In a lengthy statement released by Seth Williams when he announced his decision to keep the three men on staff, he said, ”We found that none of the e-mails in question were created or originated by these three employees, and none were circulated to or by them while employed in my office.” The first part of that statement is an evasion; of course Fina didn’t personally take the 28 photos of the two blondes getting it on together for the PowerPoint he sent out called “Banana Split.” But the latter part of the statement is certainly true, and it makes the whole matter a bit of an HR pickle for the DA’s Office. If the three men have been doing their jobs well in Philly, according to their supervisors, is it legitimate to fire them for behavior they exhibited at a prior job several years ago?
But this is key to NOW’s argument — the men should be fired because of the views they appear to hold, which inevitably color the way they perform their tasks as prosecutors. If you dislike women, or see them as subhuman, can you effectively prosecute violence against them? A similar question applies as a result of the racism in the emails, especially given that black men are disproportionately represented in the criminal justice system.

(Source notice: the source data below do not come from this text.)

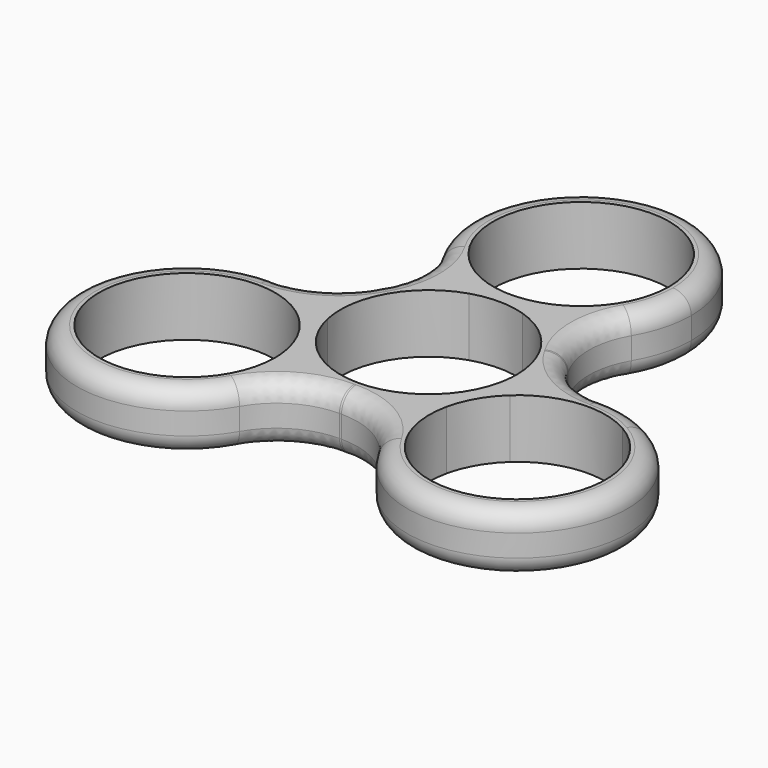
from build123d import *

# Parameters (mm, degrees)
F1_DEPTH = 8
F2_R     = 10.5869648701
F3_R     = 2.5


# Not quite as in the source:
# - a pattern or mirror of a feature is missing from the dataset's text; its kind, count and spacing are read off the source's solid


with BuildPart() as f1:
    # F0 (on Top) → F1 (new body)
    with BuildSketch(Plane.XY):
        with BuildLine():
            ThreePointArc((3.6157426173, 14.5576923077), (5.6039156019, 13.9138826331), (7.4833147735, 13))
            ThreePointArc((7.4833147735, 13), (12.9855635535, 18.4916620216), (15, 26))
            ThreePointArc((15, 26), (-7.5083379784, 38.9855635535), (-7.4833147735, 13))
            ThreePointArc((-7.4833147735, 13), (-5.6039156019, 13.9138826331), (-3.6157426173, 14.5576923077))
            ThreePointArc((-3.6157426173, 14.5576923077), (-7.0926401499, 35.6795896454), (12, 26))
            ThreePointArc((12, 26), (9.6795896454, 18.9073598501), (3.6157426173, 14.5576923077))
        make_face()
        with BuildLine():
            ThreePointArc((-11.7172004481, -2.589828886), (-10.3923048454, 6), (-3.6157426173, 11.4423076923))
            ThreePointArc((-3.6157426173, 11.4423076923), (-5.6039156019, 12.0861173669), (-7.4833147735, 13))
            ThreePointArc((-7.4833147735, 13), (-12.9903810568, 7.5), (-14.999987636, -0.0192593016))
            ThreePointArc((-14.999987636, -0.0192593016), (-13.2688424738, -1.1899254116), (-11.7172004481, -2.589828886))
        make_face()
        with BuildLine():
            ThreePointArc((-14.4152026676, -4.1475211937), (-14.8517336265, -2.1038080447), (-14.999987636, -0.0192593016))
            ThreePointArc((-14.999987636, -0.0192593016), (-35.5118537047, -20.4916589306), (-7.5166604984, -13))
            ThreePointArc((-7.5166604984, -13), (-7.5166635894, -12.9903703472), (-7.5166728624, -12.9807406984))
            ThreePointArc((-7.5166728624, -12.9807406984), (-9.2478180246, -11.8100745884), (-10.7994600503, -10.410171114))
            ThreePointArc((-10.7994600503, -10.410171114), (-10.5875698923, -11.697388273), (-10.5166604984, -13))
            ThreePointArc((-10.5166604984, -13), (-33.4988618708, -17.8364504562), (-14.4152026676, -4.1475211937))
        make_face()
        with BuildLine():
            ThreePointArc((-8.1014578308, -8.8524788063), (-10.3923048454, -6), (-11.7172004481, -2.589828886))
            ThreePointArc((-11.7172004481, -2.589828886), (-13.2688424738, -1.1899254116), (-14.999987636, -0.0192593016))
            ThreePointArc((-14.999987636, -0.0192593016), (-14.8517336265, -2.1038080447), (-14.4152026676, -4.1475211937))
            ThreePointArc((-14.4152026676, -4.1475211937), (-12.124355653, -7), (-10.7994600503, -10.410171114))
            ThreePointArc((-10.7994600503, -10.410171114), (-9.2478180246, -11.8100745884), (-7.5166728624, -12.9807406984))
            ThreePointArc((-7.5166728624, -12.9807406984), (-7.6649268719, -10.8961919553), (-8.1014578308, -8.8524788063))
        make_face()
        with BuildLine():
            ThreePointArc((14.999987636, -0.0192593016), (13.2688424738, -1.1899254116), (11.7172004481, -2.589828886))
            ThreePointArc((11.7172004481, -2.589828886), (10.3923048454, -6), (8.1014578308, -8.8524788063))
            ThreePointArc((8.1014578308, -8.8524788063), (7.6649268719, -10.8961919553), (7.5166728624, -12.9807406984))
            ThreePointArc((7.5166728624, -12.9807406984), (9.2478180246, -11.8100745884), (10.7994600503, -10.410171114))
            ThreePointArc((10.7994600503, -10.410171114), (12.124355653, -7), (14.4152026676, -4.1475211937))
            ThreePointArc((14.4152026676, -4.1475211937), (14.8517336265, -2.1038080447), (14.999987636, -0.0192593016))
        make_face()
        with BuildLine():
            ThreePointArc((7.5166728624, -12.9807406984), (7.6649268719, -10.8961919553), (8.1014578308, -8.8524788063))
            ThreePointArc((8.1014578308, -8.8524788063), (0, -12), (-8.1014578308, -8.8524788063))
            ThreePointArc((-8.1014578308, -8.8524788063), (-7.6649268719, -10.8961919553), (-7.5166728624, -12.9807406984))
            ThreePointArc((-7.5166728624, -12.9807406984), (0, -15), (7.5166728624, -12.9807406984))
        make_face()
        with BuildLine():
            ThreePointArc((3.6157426173, 11.4423076923), (9.6795896454, 7.0926401499), (12, 0))
            ThreePointArc((12, 0), (11.9290906061, -1.302611727), (11.7172004481, -2.589828886))
            ThreePointArc((11.7172004481, -2.589828886), (13.2688424738, -1.1899254116), (14.999987636, -0.0192593016))
            ThreePointArc((14.999987636, -0.0192593016), (14.999996909, -0.0096296528), (15, 0))
            ThreePointArc((15, 0), (12.9855635535, 7.5083379784), (7.4833147735, 13))
            ThreePointArc((7.4833147735, 13), (5.6039156019, 12.0861173669), (3.6157426173, 11.4423076923))
        make_face()
        with BuildLine():
            ThreePointArc((-3.6157426173, 11.4423076923), (0, 12), (3.6157426173, 11.4423076923))
            ThreePointArc((3.6157426173, 11.4423076923), (5.6039156019, 12.0861173669), (7.4833147735, 13))
            ThreePointArc((7.4833147735, 13), (5.6039156019, 13.9138826331), (3.6157426173, 14.5576923077))
            ThreePointArc((3.6157426173, 14.5576923077), (0, 14), (-3.6157426173, 14.5576923077))
            ThreePointArc((-3.6157426173, 14.5576923077), (-5.6039156019, 13.9138826331), (-7.4833147735, 13))
            ThreePointArc((-7.4833147735, 13), (-5.6039156019, 12.0861173669), (-3.6157426173, 11.4423076923))
        make_face()
    extrude(amount=F1_DEPTH)

    # F1_copies: F1 across plane


with BuildPart() as f1_1:
    add(f1.part)
    add(f1.part.mirror(Plane(origin=(0, 0, 0), x_dir=(-0.8660254038, -0.5, 0), z_dir=(0.5, -0.8660254038, 0))))

    # F2
    f2_edges = [f1_1.edges().sort_by_distance(p)[0] for p in [
        (7.483315, 13, 4),
        (14.999988, -0.019259, 4),
        (-7.516673, -12.980741, 4),
        (-7.483315, 13, 4),
        (-14.999988, -0.019259, 4),
        (7.516673, -12.980741, 4),
    ]]
    fillet(f2_edges, radius=F2_R)

    # F3
    f3_edges = [f1_1.edges().sort_by_distance(p)[0] for p in [
        (-35.507042, -20.5, 8),
        (35.507042, -20.5, 8),
        (0, 41, 8),
        (0, 41, 0),
        (-11.451474, 13, 0),
        (-35.507042, -20.5, 0),
        (35.507042, -20.5, 0),
        (11.451474, 13, 0),
        (12.990381, 7.5, 0),
        (-12.990381, 7.5, 0),
        (16.984067, 3.417267, 0),
        (-16.984067, 3.417267, 0),
        (5.532593, -16.417267, 0),
        (-5.532593, -16.417267, 0),
        (0, -15, 0),
        (11.451474, 13, 8),
        (-11.451474, 13, 8),
        (12.990381, 7.5, 8),
        (-12.990381, 7.5, 8),
        (16.984067, 3.417267, 8),
        (-16.984067, 3.417267, 8),
        (5.532593, -16.417267, 8),
        (-5.532593, -16.417267, 8),
        (0, -15, 8),
    ]]
    fillet(f3_edges, radius=F3_R)


solid = f1_1.part
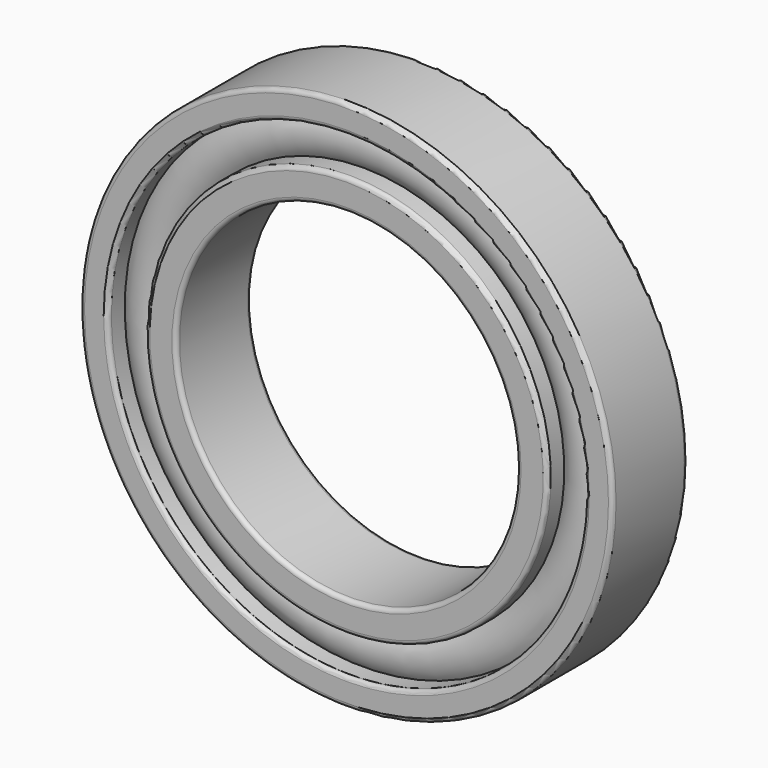
from build123d import *

# Parameters (mm, degrees)
F0_R     = 62.5
F0_R_2   = 40
F1_DEPTH = 11
F4_R     = 1


# Not quite as in the source:
# - a feature names something its author has since deleted; it is built from what else it names


with BuildPart() as f1:
    # F0 (on Front) → F1 (new body, symmetric)
    with BuildSketch(Plane.XZ):
        Circle(F0_R)
        Circle(F0_R_2, mode=Mode.SUBTRACT)
    extrude(amount=F1_DEPTH, both=True)

    # F2 (on Right) → F3 (revolve, cut)
    with BuildSketch(Plane.YZ):
        with BuildLine():
            Line((-6.0737138556, 56), (-21, 56))
            Line((-21, 56), (-21, 47.2))
            Line((-21, 47.2), (-6.0737138556, 47.2))
            ThreePointArc((-6.0737138556, 47.2), (-7.5, 51.6), (-6.0737138556, 56))
        make_face()
        with BuildLine():
            Line((21, 47.2), (21, 56))
            Line((21, 56), (6.0737138556, 56))
            ThreePointArc((6.0737138556, 56), (7.5, 51.6), (6.0737138556, 47.2))
            Line((6.0737138556, 47.2), (21, 47.2))
        make_face()
    revolve(axis=Axis((0, 16.4881043163, 0), (0, 1, 0)), mode=Mode.SUBTRACT)

    # F4
    f4_edges = [f1.edges().sort_by_distance(p)[0] for p in [
        (-62.5, 11, 0),
        (-62.5, -11, 0),
        (-40, 11, 0),
        (-40, -11, 0),
        (0, -11, -56),
        (0, -11, -47.2),
        (0, 11, -56),
        (0, 11, -47.2),
    ]]
    fillet(f4_edges, radius=F4_R)


solid = f1.part
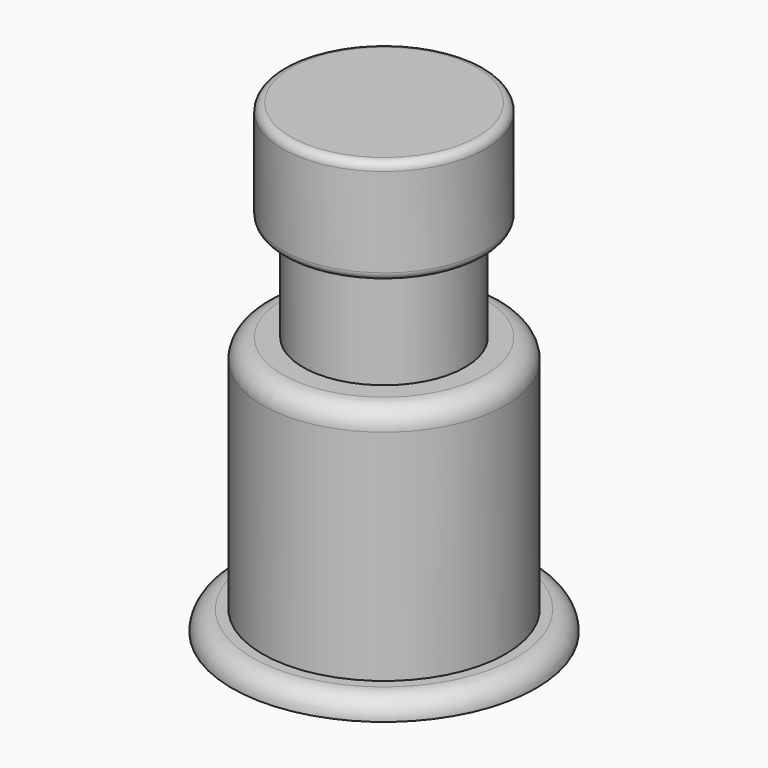
from build123d import *

# Parameters (mm, degrees)
F0_R     = 4
F1_DEPTH = 17.8
F2_R     = 5
F2_R_2   = 4
F3_DEPTH = 5.2
F4_R     = 0.4
F5_R     = 6
F5_R_2   = 4
F6_DEPTH = 12.8
F7_R     = 7.5
F7_R_2   = 6
F8_DEPTH = 1
F9_R     = 0.99999
F10_R    = 1


# Not quite as in the source:
# - a fillet or chamfer is up to 0.001 mm smaller than in the source, because OpenCascade refuses the exact size


with BuildPart() as f1:
    # F0 (on Top) → F1 (new body)
    with BuildSketch(Plane.XY):
        Circle(F0_R)
    extrude(amount=F1_DEPTH)

    # F2 (on face) → F3 (join)
    with BuildSketch(Plane.XY.offset(17.8)):
        Circle(F2_R)
        Circle(F2_R_2, mode=Mode.SUBTRACT)
        Circle(F2_R_2)
    extrude(amount=F3_DEPTH)

    # F4
    f4_edges = [f1.edges().sort_by_distance(p)[0] for p in [
        (-5, 0, 23),
        (-5, 0, 17.8),
    ]]
    fillet(f4_edges, radius=F4_R)


with BuildPart() as f6:
    # F5 (on face) → F6 (new body)
    with BuildSketch(Plane(origin=(0, 0, 0), x_dir=(1, 0, 0), z_dir=(0, 0, -1))):
        Circle(F5_R)
        Circle(F5_R_2, mode=Mode.SUBTRACT)
    extrude(amount=-F6_DEPTH)

    # F10
    f10_edges = [f6.edges().sort_by_distance(p)[0] for p in [
        (-6, 0, 12.8),
    ]]
    fillet(f10_edges, radius=F10_R)


with BuildPart() as f8:
    # F7 (on face) → F8 (new body)
    with BuildSketch(Plane(origin=(0, 0, 0), x_dir=(1, 0, 0), z_dir=(0, 0, -1))):
        Circle(F7_R)
        Circle(F7_R_2, mode=Mode.SUBTRACT)
    extrude(amount=-F8_DEPTH)

    # F9 (radius 1 in the source; OpenCascade refuses exactly that, so slightly less here)
    f9_edges = [f8.edges().sort_by_distance(p)[0] for p in [
        (-7.5, 0, 1),
    ]]
    fillet(f9_edges, radius=F9_R)


solid = Compound([f1.part, f6.part, f8.part])

At one point during the press conference, Philly NOW president Nina Ahmad said that the movement to have the men fired took time to gather steam because her members “were loathe to look at the emails.” That impulse is all wrong. Looking at the emails is the only thing that will make a difference. There’s a reason anti-abortion activists parade around with giant photos of fetuses, or animal rights advocates promote videos of animal cruelty at slaughterhouses. Can you imagine the impact if, next to the podium at City Hall during the NOW press conference, there was a poster-sized photo from the emails?
Printouts of the emails have been made available by the Pennsylvania Supreme Court in three locations: Harrisburg, Pittsburgh and Philadelphia. There’s a slideshow here with a little sampling. But there is no one place online to look at this stuff, which makes many of the conversations about what happens next distressingly vague.
Williams has no intention of firing Fina, Blessington or Constanzo, but even if he did, it will be a mostly symbolic victory. Men, perhaps even these men, will still think these things, laugh about them, even forward emails to each other; they’ll just make sure they do it from home. What’s really needed is an actual dialogue between men who send such emails and women who feel the impact of the attitudes that they promote, whether those women work with NOW or serve in City Council or are just regular old constituents. The conversation has to be graphic and specific, like the emails themselves. I’m thinking Milton Street as the moderator.